Items from a dataset:
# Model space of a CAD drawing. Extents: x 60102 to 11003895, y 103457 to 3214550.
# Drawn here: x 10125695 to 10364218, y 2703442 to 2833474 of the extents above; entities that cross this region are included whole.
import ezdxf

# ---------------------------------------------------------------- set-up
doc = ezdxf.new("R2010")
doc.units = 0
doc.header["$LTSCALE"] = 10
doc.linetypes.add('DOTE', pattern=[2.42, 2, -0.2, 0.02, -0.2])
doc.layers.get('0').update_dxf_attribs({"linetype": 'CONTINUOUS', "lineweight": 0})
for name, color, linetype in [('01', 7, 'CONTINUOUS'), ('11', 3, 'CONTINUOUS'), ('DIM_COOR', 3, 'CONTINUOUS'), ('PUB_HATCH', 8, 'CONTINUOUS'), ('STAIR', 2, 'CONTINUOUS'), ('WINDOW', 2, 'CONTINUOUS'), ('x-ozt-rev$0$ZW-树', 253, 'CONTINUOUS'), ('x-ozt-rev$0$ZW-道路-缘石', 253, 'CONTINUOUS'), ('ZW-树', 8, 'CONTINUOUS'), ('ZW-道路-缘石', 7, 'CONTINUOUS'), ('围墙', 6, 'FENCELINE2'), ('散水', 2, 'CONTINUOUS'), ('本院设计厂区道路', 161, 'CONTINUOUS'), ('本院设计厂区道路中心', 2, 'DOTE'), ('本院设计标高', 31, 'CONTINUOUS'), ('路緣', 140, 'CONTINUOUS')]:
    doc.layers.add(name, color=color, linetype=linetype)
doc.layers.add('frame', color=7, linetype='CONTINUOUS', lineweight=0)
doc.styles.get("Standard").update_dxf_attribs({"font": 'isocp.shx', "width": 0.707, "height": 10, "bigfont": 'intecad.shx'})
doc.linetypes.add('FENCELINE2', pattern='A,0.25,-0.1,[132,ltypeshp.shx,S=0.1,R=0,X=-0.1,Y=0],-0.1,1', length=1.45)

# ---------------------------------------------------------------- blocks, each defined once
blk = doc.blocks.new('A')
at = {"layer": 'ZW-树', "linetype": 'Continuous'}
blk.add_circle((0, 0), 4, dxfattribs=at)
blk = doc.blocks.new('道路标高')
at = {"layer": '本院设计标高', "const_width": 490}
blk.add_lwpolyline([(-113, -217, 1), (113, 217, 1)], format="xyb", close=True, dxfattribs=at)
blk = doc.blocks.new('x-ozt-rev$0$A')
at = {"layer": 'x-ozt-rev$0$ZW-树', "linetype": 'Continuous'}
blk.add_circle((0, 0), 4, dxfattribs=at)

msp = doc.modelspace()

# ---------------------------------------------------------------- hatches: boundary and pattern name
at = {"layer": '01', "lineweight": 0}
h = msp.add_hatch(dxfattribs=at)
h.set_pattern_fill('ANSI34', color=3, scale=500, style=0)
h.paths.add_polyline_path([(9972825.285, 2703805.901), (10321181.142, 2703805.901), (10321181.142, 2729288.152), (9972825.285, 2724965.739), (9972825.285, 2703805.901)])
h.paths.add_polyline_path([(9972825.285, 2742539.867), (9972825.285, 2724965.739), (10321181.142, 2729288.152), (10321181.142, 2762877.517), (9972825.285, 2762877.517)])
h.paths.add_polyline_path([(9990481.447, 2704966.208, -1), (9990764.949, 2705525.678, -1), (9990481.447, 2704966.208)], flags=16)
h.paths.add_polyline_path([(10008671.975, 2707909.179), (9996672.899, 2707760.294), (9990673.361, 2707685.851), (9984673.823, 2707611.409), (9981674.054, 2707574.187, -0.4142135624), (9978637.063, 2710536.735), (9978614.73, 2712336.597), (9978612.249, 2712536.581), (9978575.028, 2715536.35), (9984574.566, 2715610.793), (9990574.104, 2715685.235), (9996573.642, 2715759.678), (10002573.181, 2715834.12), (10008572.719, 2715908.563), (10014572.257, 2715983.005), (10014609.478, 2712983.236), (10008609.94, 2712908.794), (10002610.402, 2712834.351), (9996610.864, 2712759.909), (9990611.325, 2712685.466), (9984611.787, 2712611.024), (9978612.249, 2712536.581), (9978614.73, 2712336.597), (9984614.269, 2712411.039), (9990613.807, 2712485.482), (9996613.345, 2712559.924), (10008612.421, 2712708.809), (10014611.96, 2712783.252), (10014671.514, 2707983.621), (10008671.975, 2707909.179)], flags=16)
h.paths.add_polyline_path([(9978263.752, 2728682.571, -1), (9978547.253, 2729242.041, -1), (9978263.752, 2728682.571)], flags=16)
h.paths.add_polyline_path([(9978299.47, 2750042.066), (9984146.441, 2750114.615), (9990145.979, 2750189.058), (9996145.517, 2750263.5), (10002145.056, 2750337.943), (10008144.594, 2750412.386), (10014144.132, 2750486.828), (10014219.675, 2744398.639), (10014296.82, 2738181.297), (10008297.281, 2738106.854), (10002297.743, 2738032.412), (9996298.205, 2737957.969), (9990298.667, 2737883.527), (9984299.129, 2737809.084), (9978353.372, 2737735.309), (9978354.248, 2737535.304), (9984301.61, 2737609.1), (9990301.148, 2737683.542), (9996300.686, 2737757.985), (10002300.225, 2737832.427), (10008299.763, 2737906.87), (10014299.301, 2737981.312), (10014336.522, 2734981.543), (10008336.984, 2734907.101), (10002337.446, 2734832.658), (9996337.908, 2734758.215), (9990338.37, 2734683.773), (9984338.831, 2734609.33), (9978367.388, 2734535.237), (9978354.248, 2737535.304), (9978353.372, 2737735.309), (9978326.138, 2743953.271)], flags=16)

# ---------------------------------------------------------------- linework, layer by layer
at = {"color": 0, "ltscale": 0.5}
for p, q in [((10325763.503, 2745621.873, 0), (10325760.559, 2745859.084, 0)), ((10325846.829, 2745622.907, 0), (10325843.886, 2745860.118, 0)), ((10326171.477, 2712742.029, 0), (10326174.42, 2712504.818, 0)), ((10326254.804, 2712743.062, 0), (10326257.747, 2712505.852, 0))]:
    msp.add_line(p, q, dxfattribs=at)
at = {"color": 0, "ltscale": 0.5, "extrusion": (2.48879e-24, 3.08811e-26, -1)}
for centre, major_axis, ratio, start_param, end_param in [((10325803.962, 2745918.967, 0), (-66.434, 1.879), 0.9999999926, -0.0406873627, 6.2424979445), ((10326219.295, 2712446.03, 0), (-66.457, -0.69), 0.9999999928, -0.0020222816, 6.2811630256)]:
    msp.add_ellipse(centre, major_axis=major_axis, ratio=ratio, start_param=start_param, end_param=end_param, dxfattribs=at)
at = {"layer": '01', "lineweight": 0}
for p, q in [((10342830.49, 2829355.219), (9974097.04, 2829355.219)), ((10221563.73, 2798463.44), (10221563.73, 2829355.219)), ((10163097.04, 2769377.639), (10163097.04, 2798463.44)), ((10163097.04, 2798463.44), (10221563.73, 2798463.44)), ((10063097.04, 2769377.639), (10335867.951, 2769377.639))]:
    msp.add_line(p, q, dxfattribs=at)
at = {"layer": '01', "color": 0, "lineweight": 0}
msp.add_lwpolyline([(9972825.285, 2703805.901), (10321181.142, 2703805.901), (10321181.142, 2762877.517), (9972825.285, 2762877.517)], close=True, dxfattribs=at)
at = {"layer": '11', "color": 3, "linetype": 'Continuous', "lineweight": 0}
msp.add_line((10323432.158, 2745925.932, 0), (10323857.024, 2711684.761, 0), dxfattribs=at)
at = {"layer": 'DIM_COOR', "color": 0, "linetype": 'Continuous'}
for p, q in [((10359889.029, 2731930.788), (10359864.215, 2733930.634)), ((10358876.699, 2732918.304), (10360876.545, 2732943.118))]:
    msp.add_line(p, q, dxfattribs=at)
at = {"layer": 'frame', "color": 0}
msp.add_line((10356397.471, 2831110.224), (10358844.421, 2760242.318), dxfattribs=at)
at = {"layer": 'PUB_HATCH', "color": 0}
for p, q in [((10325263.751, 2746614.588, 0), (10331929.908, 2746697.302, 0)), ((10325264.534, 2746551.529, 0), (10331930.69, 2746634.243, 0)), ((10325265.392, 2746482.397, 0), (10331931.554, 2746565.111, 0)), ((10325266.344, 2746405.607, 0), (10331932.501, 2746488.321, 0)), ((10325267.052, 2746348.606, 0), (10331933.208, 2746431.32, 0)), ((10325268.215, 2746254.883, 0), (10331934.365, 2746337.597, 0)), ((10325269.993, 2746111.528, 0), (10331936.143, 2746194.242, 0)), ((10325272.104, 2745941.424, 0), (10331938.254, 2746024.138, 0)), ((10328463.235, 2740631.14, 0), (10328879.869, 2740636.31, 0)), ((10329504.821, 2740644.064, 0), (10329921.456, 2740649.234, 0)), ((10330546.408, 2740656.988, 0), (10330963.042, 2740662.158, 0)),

◆ **Assignment**:
The lines above from the one containing "each defined once" through the one containing "msp = doc.modelspace()" are to be set down exactly, and no others.

◆ **Solution for this task**:
# ---------------------------------------------------------------- blocks, each defined once
blk = doc.blocks.new('A')
at = {"layer": 'ZW-树', "linetype": 'Continuous'}
blk.add_circle((0, 0), 4, dxfattribs=at)
blk = doc.blocks.new('道路标高')
at = {"layer": '本院设计标高', "const_width": 490}
blk.add_lwpolyline([(-113, -217, 1), (113, 217, 1)], format="xyb", close=True, dxfattribs=at)
blk = doc.blocks.new('x-ozt-rev$0$A')
at = {"layer": 'x-ozt-rev$0$ZW-树', "linetype": 'Continuous'}
blk.add_circle((0, 0), 4, dxfattribs=at)

msp = doc.modelspace()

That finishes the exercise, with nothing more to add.